# Purina Pro Plan Natural



## Skipper Jay (Feb 21, 2015)

Hello Dog Food Chat People,
This is my first post on this forum. We will soon be adopting a new yellow lab puppy when he turns 8 wks from a very reputable breeder in Oregon. She feeds her dogs, including her young puppies Purina Pro Plan Natural which is grain free. She highly encourages me to do the same at least for the first year as she believes
this formula has proven best for her labs. I was a bit surprised by this as Purina does not seem to get very good reviews from the two Dog Food Reviews I visited, Dog Food Reviews and Ratings and Dog Food Reviews and Analysis. Now I am confused. 
In the past I have fed my last lab Origin for large puppies. Sadly, we lost our beautiful puppy to an aggressive for of lymphoma at 1 1/2 years of age. We were naturally devastated but I know this loss had nothing to do with his diet.

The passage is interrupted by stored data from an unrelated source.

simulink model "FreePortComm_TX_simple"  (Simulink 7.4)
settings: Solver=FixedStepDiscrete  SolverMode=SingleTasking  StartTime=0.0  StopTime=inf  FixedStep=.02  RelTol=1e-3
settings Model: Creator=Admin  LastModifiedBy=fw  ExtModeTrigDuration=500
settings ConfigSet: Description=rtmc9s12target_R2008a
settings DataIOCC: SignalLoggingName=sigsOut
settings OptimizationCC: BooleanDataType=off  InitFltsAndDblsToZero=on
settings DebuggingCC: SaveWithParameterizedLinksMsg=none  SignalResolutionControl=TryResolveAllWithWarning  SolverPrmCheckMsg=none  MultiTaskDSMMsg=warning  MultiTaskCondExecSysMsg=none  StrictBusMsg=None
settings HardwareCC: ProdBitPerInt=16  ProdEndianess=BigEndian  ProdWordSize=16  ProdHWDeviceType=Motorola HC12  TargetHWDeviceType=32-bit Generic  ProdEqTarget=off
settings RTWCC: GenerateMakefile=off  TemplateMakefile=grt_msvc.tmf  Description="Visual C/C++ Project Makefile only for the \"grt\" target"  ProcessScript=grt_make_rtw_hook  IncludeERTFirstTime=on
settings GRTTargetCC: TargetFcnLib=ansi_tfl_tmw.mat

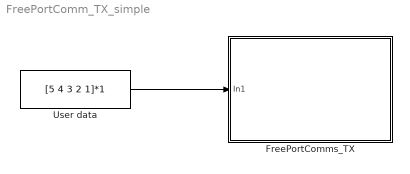
== system FreePortComm_TX_simple ==
  FreePortComms_TX : Subsystem  Tag=mcTarget_freePortCommsTX  mask{sampletime=0.1, port=COM1, baudrate=115200, channel=0, buf_size=5, data_type=UINT8, format=off}
      mask prompts: sampletime "Sample time"; port "Communication port"; channel "Channel number"; buf_size "Number of elements"; data_type "Data Type"; format "Block sends raw data"
      mask init:
      | [buf_sizestr, portNamestr, baudratestr, channelstr, data_type_str, sampletime_str] = mbc_freeporttxd(sampletime, port, baudrate, channel, buf_size, data_type, format);
      mask Help: web('freePortComms_txd.html');
      mask StyleString: edit,popup(SCI0|SCI1|COM1|COM2|COM3|COM4),popup(300|600|1200|2400|4800|9600|19200|38400|57600|115200),edit,edit,popup(SINGLE|INT8|UINT8|INT16|UINT16|INT32|UINT32|BOOLEAN),checkbox
      mask Display: fprintf('Transmit %s element(s)\nComm port: %s\nBaudrate: %s bps\nChannel: %s\nData type: %s\n Sample rate: %s', buf_sizestr, portNamestr, baudratestr, channelstr, data_type_str, sampletime_str)
  User data : Constant  Value=[5 4 3 2 1]*1  OutDataType=sfix(16)  OutScaling=2^0
  wires:
  User data/1 -> FreePortComms_TX/1(In1)

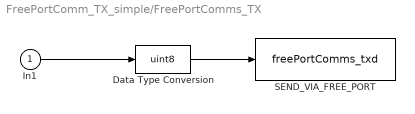
== system FreePortComm_TX_simple/FreePortComms_TX ==
  In1 : Inport  OutDataType=sfix(16)  OutScaling=2^0
  Data Type Conversion : DataTypeConversion  OutDataTypeMode=uint8  OutDataType=sfix(16)  OutScaling=2^0  OutDataTypeStr=uint8  SaturateOnIntegerOverflow=on  RndMeth=Zero
  SEND_VIA_FREE_PORT : S-Function  Tag=mcTarget_freePortCommsTX  FunctionName=freePortComms_txd  Parameters=sampletime, channel, buf_size, data_type, port, baudrate, format  EnableBusSupport=off
  wires:
  In1/1 -> Data Type Conversion/1
  Data Type Conversion/1 -> SEND_VIA_FREE_PORT/1
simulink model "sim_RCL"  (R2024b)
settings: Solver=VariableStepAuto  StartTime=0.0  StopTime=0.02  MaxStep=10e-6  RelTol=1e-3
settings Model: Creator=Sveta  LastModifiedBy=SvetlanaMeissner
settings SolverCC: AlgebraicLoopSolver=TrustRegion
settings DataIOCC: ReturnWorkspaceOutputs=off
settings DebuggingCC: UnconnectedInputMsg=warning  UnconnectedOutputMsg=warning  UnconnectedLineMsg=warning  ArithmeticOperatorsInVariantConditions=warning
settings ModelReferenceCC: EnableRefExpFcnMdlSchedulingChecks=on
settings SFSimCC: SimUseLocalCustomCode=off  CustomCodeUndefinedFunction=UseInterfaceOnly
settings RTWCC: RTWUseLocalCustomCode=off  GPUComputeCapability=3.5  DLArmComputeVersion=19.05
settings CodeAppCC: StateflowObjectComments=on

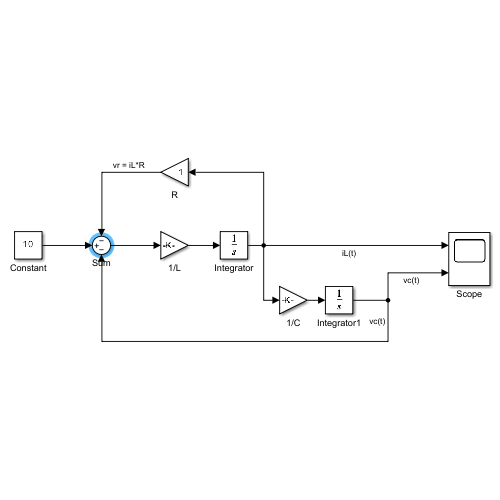
[thumbnail: Simulink's stored preview of the top-level diagram]
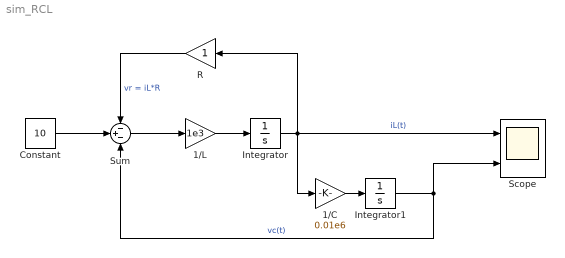
== system sim_RCL ==
  1/C : Gain  Gain=0.01e6
  1/L : Gain  Gain=1e3
  Constant : Constant  Value=10
  Integrator : Integrator
  Integrator1 : Integrator
  R : Gain
  Scope : Scope  NumInputPorts=2
  Sum : Sum  Inputs=-+-
  wires:
  Constant/1 -> Sum/2
  Sum/1 -> 1/L/1
  1/L/1 -> Integrator/1
  Integrator/1 -> R/1, Scope/1, 1/C/1  "iL(t)"
  1/C/1 -> Integrator1/1
  Integrator1/1 -> Sum/3, Scope/2  "vc(t)"
  R/1 -> Sum/1  "vr = iL*R"

Just bad luck and likely carrying a genetic time bomb.
I now feed our 7 y/o Miniature Schnauzer Merritts and have been transitioning him to a frozen raw food. He is doing very well on this diet.
I naturally want to feed our new puppy when he arrives a very high quality food but am very hesitant not to feed him the food as instructed by the breeder.
Would appreciate any thoughts on Purina Pro Plan Natural.

Skipper Jay


----------



## Shamrockmommy (Sep 10, 2009)

You will get some answers that support Purina and also tear down Purina. It's nutritionally a good food with good profiles (especially minerals). 
Foods like Merrick and Orijen have high levels of minerals (calcium, phosphorus, magnesium) which some dogs do well with and other dogs develop kidney issues over time. 

Bottom line is how does the dog do on it? Plenty of hunters with real working dogs swear by Purina and will only feed that. These dogs spend hours out in the field working. 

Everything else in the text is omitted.